Learn what you need to pay when you are selling your property in Portugal

Understanding IRS on Property Sales

When you sell property, the income generated from the sale is classified under Category G, which refers to capital gains. The tax rate on this type of income can vary significantly, ranging from 0% to over 50%, depending on several factors.

- 0% Tax Rate: You will pay no tax if you sell property abroad and qualify for the Non-Habitual Resident (NHR) regime, or if you sell your primary residence in Portugal (or within the EU/EEA) and reinvest all the proceeds into purchasing a new home. We will cover the topic of reinvestment in future articles if there's interest.

Regular Property Sales: No NHR or Reinvestment

For now, let's focus on a regular property sale, without considering the NHR regime or reinvestment. What determines the tax rate and the taxable amount? Let's break it down.

Taxable Base Calculation

The taxable base is calculated as the difference between the purchase price and the sale price of the property. This difference can be either positive or negative:

Negative Difference: If you incur a loss (i.e., the sale price is lower than the purchase price), you can declare these losses to offset future taxable gains, reducing your tax burden in subsequent years.

Positive Difference: If you make a profit (i.e., the sale price is higher than the purchase price), the following costs can be deducted from the profit to determine the taxable base:

  • Taxes paid during the original purchase, such as IMT and IS.

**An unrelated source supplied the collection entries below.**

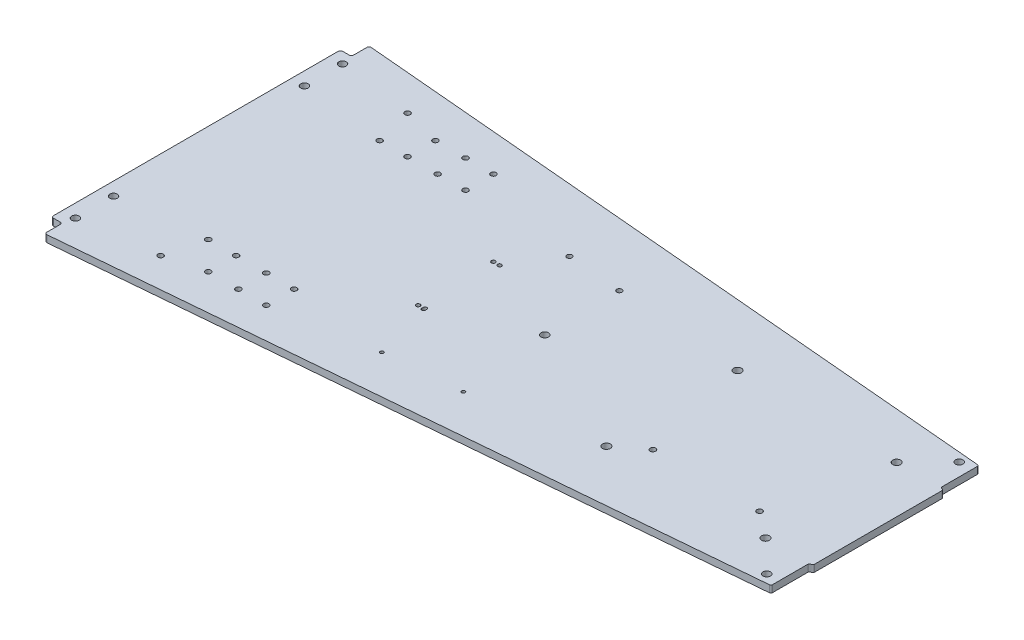
SolidWorks part; units mm, degrees
ref_plane "Front Plane" through (0, 0, 0) normal (0, 0, 1) x (1, 0, 0)
ref_plane "Top Plane" through (0, 0, 0) normal (0, 1, 0) x (1, 0, 0)
ref_plane "Right Plane" through (0, 0, 0) normal (1, 0, 0) x (0, 0, -1)
sketch "Sketch1" plane through (0, 0, 0) normal (0, 1, 0) x (1, 0, 0)
  line L0 (0, -94.3735) -> (0, 94.3735)
  line L1 (0, 94.3735) -> (-621.5262, 148.75)
  line L2 (-621.5262, 148.75) -> (-621.5262, -148.75)
  line L3 (-621.5262, -148.75) -> (0, -94.3735)
  point P7 (0, 0)
  dimension "D1" = 188.747
  dimension "D2" = 297.5
  dimension "D3" = 95
  dimension "D4" = 95
extrude "Boss-Extrude1" add sketch "Sketch1" along normal mid plane 6.35
hole_wizard "M3 Clearance Hole1" positions "Sketch8" profile "Sketch9" hole size "M3" standard "ANSI Metric" end condition through all
sketch "Sketch8" plane through (0, 3.175, 0) normal (0, 1, 0) x (1, 0, 0)
  point P0 (-379.222, 34.29)
  point P3 (-384.81, 34.29)
  point P6 (-384.81, -34.29)
sketch "Sketch9" plane through (-379.222, 3.175, -34.29) normal (1, 0, 0) x (0, 0, 1)
  line L0 (0, 0) -> (0, 6.35)
  line L1 (0, 6.35) -> (1.8, 6.35)
  line L2 (1.8, 6.35) -> (1.8, 0)
  line L5 (1.8, 0) -> (0, 0)
  line L11 (0, -6.35) -> (0, 107.95) construction
  dimension "Thru Hole Dia." = 3.6
  dimension "Thru Hole Depth" = 6.35
hole_wizard "1/4 Clearance Hole1" positions "Sketch10" profile "Sketch11" hole size "1/4" standard "ANSI Inch" end condition through all
sketch "Sketch10" plane through (0, 3.175, 0) normal (0, 1, 0) x (1, 0, 0)
  point P0 (-187.8373, 59.7527)
  point P3 (-42.9319, 59.7527)
  point P6 (-42.9319, -59.7527)
  point P9 (-187.8373, -59.7527)
sketch "Sketch11" plane through (-187.8373, 3.175, -59.7527) normal (1, 0, 0) x (0, 0, 1)
  line L0 (0, 0) -> (0, 6.35)
  line L1 (0, 6.35) -> (3.5712, 6.35)
  line L2 (3.5712, 6.35) -> (3.5712, 0)
  line L5 (3.5712, 0) -> (0, 0)
  line L11 (0, -6.35) -> (0, 107.95) construction
  dimension "Thru Hole Dia." = 7.1425
  dimension "Thru Hole Depth" = 6.35
sketch "Sketch12" plane through (0, 3.175, 0) normal (0, 1, 0) x (1, 0, 0)
  line L0 (-380.8412, -33.6169) -> (-380.8412, -34.0868) construction
  line L1 (-380.8412, -34.4932) -> (-380.8412, -34.9631) construction
  line L2 (-377.6027, -34.9631) -> (-377.6027, -34.4932) construction
  line L3 (-377.6027, -34.0868) -> (-377.6027, -33.6169) construction
  line L4 (-380.8412, -33.6169) -> (-380.8412, -34.0868)
  line L5 (-380.8412, -34.4932) -> (-380.8412, -34.9631)
  line L6 (-377.6027, -34.9631) -> (-377.6027, -34.4932)
  line L7 (-377.6027, -34.0868) -> (-377.6027, -33.6169)
  arc A0 (-380.8412, -34.0868) -> (-380.8412, -34.4932) centre (-379.222, -34.29) ccw construction
  arc A1 (-380.8412, -34.9631) -> (-377.6027, -34.9631) centre (-379.222, -34.9631) ccw construction
  arc A2 (-377.6027, -34.4932) -> (-377.6027, -34.0868) centre (-379.222, -34.29) ccw construction
  arc A3 (-377.6027, -33.6169) -> (-380.8412, -33.6169) centre (-379.222, -33.6169) ccw construction
  arc A4 (-380.8412, -34.0868) -> (-380.8412, -34.4932) centre (-379.222, -34.29) ccw
  arc A5 (-380.8412, -34.9631) -> (-377.6027, -34.9631) centre (-379.222, -34.9631) ccw
  arc A6 (-377.6027, -34.4932) -> (-377.6027, -34.0868) centre (-379.222, -34.29) ccw
  arc A7 (-377.6027, -33.6169) -> (-380.8412, -33.6169) centre (-379.222, -33.6169) ccw
extrude "Cut-Extrude1" cut sketch "Sketch12" against normal through all
hole_wizard "#8 Clearance Hole1" positions "Sketch13" profile "Sketch14" hole size "#8" standard "ANSI Inch" end condition through all
sketch "Sketch13" plane through (0, 3.175, 0) normal (0, 1, 0) x (1, 0, 0)
  point P0 (-506.818, -78.0643)
  point P3 (-506.818, -103.4643)
  point P6 (-541.1982, -112.4445)
  point P9 (-532.218, -78.0643)
  point P12 (-479.3927, -78.0643)
  point P15 (-479.3927, -103.4643)
  point P18 (-453.9927, -78.0643)
  point P21 (-453.9927, -103.4643)
  point P24 (-453.9927, 78.0643)
  point P27 (-453.9927, 103.4643)
  point P30 (-479.3927, 78.0643)
  point P33 (-479.3927, 103.4643)
  point P36 (-541.1982, 112.4445)
  point P39 (-532.218, 78.0643)
  point P42 (-506.818, 103.4643)
  point P45 (-506.818, 78.0643)
sketch "Sketch14" plane through (-506.818, 3.175, 78.0643) normal (1, 0, 0) x (0, 0, 1)
  line L0 (0, 0) -> (0, 6.35)
  line L1 (0, 6.35) -> (2.4574, 6.35)
  line L2 (2.4574, 6.35) -> (2.4574, 0)
  line L5 (2.4574, 0) -> (0, 0)
  line L11 (0, -6.35) -> (0, 107.95) construction
  dimension "Thru Hole Dia." = 4.9149
  dimension "Thru Hole Depth" = 6.35
sketch "Sketch15" plane through (0, 3.175, 0) normal (0, 1, 0) x (1, 0, 0)
  circle A0 centre (-295.9182, -81.917) radius 1.55 construction
  circle A1 centre (-364.1575, -87.8871) radius 1.55 construction
  circle A6 centre (-295.9182, -81.917) radius 1.55
  circle A7 centre (-364.1575, -87.8871) radius 1.55
extrude "Cut-Extrude2" cut sketch "Sketch15" against normal through all
sketch "Sketch16" plane through (0, 3.175, 0) normal (0, 1, 0) x (1, 0, 0)
  circle A0 centre (-609.6, -121.6503) radius 3.3782 construction
  circle A1 centre (-609.6, -86.9431) radius 3.3782 construction
  circle A2 centre (-609.6, 86.9431) radius 3.3782 construction
  circle A3 centre (-609.6, 121.6503) radius 3.3782 construction
  circle A4 centre (-609.6, -121.6503) radius 3.3782
  circle A5 centre (-609.6, -86.9431) radius 3.3782
  circle A6 centre (-609.6, 86.9431) radius 3.3782
  circle A7 centre (-609.6, 121.6503) radius 3.3782
extrude "Cut-Extrude3" cut sketch "Sketch16" against normal through all
fillet "Fillet1" radius 1 2 edges at (-621.5262, 0, 148.75) (-621.5262, 0, -148.75)
sketch "Sketch17" plane through (0, 3.175, 0) normal (0, 1, 0) x (1, 0, 0)
  line L0 (-3, 94.636) -> (-3, 59.636)
  line L1 (0, 94.3735) -> (-620.4391, 148.6549) construction
  line L2 (-3, 59.636) -> (0, 59.636)
  line L3 (0, -94.3735) -> (0, 94.3735) construction
  line L4 (0, 59.636) -> (0, 94.3735)
  line L5 (0, 94.3735) -> (-3, 94.636)
  dimension "D1" = 3
  dimension "D2" = 35
extrude "Cut-Extrude4" cut sketch "Sketch17" against normal through all
mirror "Mirror1" about plane through (0, 0, 0) normal (0, 0, 1) of "Cut-Extrude4"
fillet "Fillet2" radius 1.5 6 edges at (0, 0, -59.636) (-3, 0, -59.636) (-3, 0, -94.636) (0, 0, 59.636) (-3, 0, 59.636) (-3, 0, 94.636)
hole_wizard "#13 (0.185) Diameter Hole1" positions "Sketch18" profile "Sketch20" hole size "#13" standard "ANSI Inch" end condition through all
sketch "Sketch18" plane through (0, 3.175, 0) normal (0, 1, 0) x (1, 0, 0)
  point P0 (-354.4456, 73.1877)
  point P3 (-304.6358, 68.83)
sketch "Sketch20" plane through (-354.4456, 3.175, -73.1877) normal (1, 0, 0) x (0, 0, 1)
  line L0 (0, 0) -> (0, 6.35)
  line L1 (0, 6.35) -> (2.3495, 6.35)
  line L2 (2.3495, 6.35) -> (2.3495, 0)
  line L5 (2.3495, 0) -> (0, 0)
  line L11 (0, -6.35) -> (0, 107.95) construction
  dimension "Thru Hole Dia." = 4.699
  dimension "Thru Hole Depth" = 6.35
hole_wizard "1/4 Clearance Hole2" positions "Sketch21" profile "Sketch22" hole size "1/4" standard "ANSI Inch" end condition through all
sketch "Sketch21" plane through (0, 3.175, 0) normal (0, 1, 0) x (1, 0, 0)
  point P0 (-14.732, 88.4699)
  point P3 (-14.0462, -87.4539)
  point P6 (-303.7332, 0)
sketch "Sketch22" plane through (-14.732, 3.175, -88.4699) normal (1, 0, 0) x (0, 0, 1)
  line L0 (0, 0) -> (0, 6.35)
  line L1 (0, 6.35) -> (3.3782, 6.35)
  line L2 (3.3782, 6.35) -> (3.3782, 0)
  line L5 (3.3782, 0) -> (0, 0)
  line L11 (0, -6.35) -> (0, 107.95) construction
  dimension "Thru Hole Dia." = 6.7564
  dimension "Thru Hole Depth" = 6.35
sketch "Sketch23" plane through (0, 3.175, 0) normal (0, 1, 0) x (1, 0, 0)
  line L0 (-621.5262, 147.6587) -> (-621.5262, -147.6587) construction
  line L1 (-621.5262, 131.6587) -> (-611.5262, 131.6587)
  line L2 (-621.5262, 131.6587) -> (-621.5262, 148.6587)
  line L3 (-621.5262, 148.6587) -> (-611.5262, 148.6587)
  line L4 (-611.5262, 131.6587) -> (-611.5262, 148.6587)
  line L5 (0, 0) -> (-621.5262, 0) construction
  line L6 (-611.5262, -131.6587) -> (-611.5262, -148.6587)
  line L7 (-621.5262, -148.6587) -> (-611.5262, -148.6587)
  line L8 (-621.5262, -131.6587) -> (-621.5262, -148.6587)
  line L9 (-621.5262, -131.6587) -> (-611.5262, -131.6587)
  arc A0 (-620.4391, 148.6549) -> (-621.5262, 147.6587) centre (-620.5262, 147.6587) ccw construction
  dimension "D1" = 10
  dimension "D2" = 17
extrude "Cut-Extrude5" cut sketch "Sketch23" against normal through all
fillet "Fillet3" radius 2 6 edges at (-621.5262, 0, -131.6587) (-611.5262, 0, -131.6587) (-611.5262, 0, -147.8751) (-611.5262, 0, 147.8751) (-611.5262, 0, 131.6587) (-621.5262, 0, 131.6587)
hole_wizard "Ø5.0mm Dowel Hole1" positions "Sketch24" profile "Sketch25" hole size "Ø5.0" standard "ANSI Metric" end condition through all
sketch "Sketch24" plane through (0, 3.175, 0) normal (0, 1, 0) x (1, 0, 0)
  point P0 (-163.9621, -41.275)
  point P3 (-66.8071, -41.275)
sketch "Sketch25" plane through (-163.9621, 3.175, 41.275) normal (1, 0, 0) x (0, 0, 1)
  line L0 (0, 0) -> (0, 6.35)
  line L1 (0, 6.35) -> (2.5, 6.35)
  line L2 (2.5, 6.35) -> (2.5, 0)
  line L5 (2.5, 0) -> (0, 0)
  line L11 (0, -6.35) -> (0, 107.95) construction
  dimension "Thru Hole Dia." = 5
  dimension "Thru Hole Depth" = 6.35

  • Costs associated with obtaining an energy certificate.

  • Documented expenses for maintenance and improvement works on the property, provided these works were carried out within the last 12 years before the sale.

  • Documented fees are paid to notaries, lawyers, and real estate agencies, as long as these fees are directly related to the acquisition or sale of the property.

Inflation Adjustment: additionally, an inflation adjustment factor is applied to the deductible expenses, further increasing the amount that can be deducted if more than 24 months have passed between the purchase and sale.

Capital Gains Reduction

Here's an additional benefit for sellers: After determining the capital gain by deducting all the aforementioned expenses, the resulting amount is further reduced by 50%. This reduced amount becomes the taxable base (though there are exceptions to this rule). This reduction applies to both tax residents and non-residents.

Determining the Tax Rate

Now that we've established the taxable base, let's move on to the tax rate:
Contrary to popular belief, the tax rate is not a flat 28%. Unfortunately, capital gains from property sales are subject to a progressive tax rate. This means that the gains are aggregated with other income categories under the CIRS (Personal Income Tax Code) and taxed according to a progressive scale. However, there are ways to legally minimize your tax burden, such as filing a joint tax return and taking advantage of available tax deductions. So, there are always options to reduce the amount you owe.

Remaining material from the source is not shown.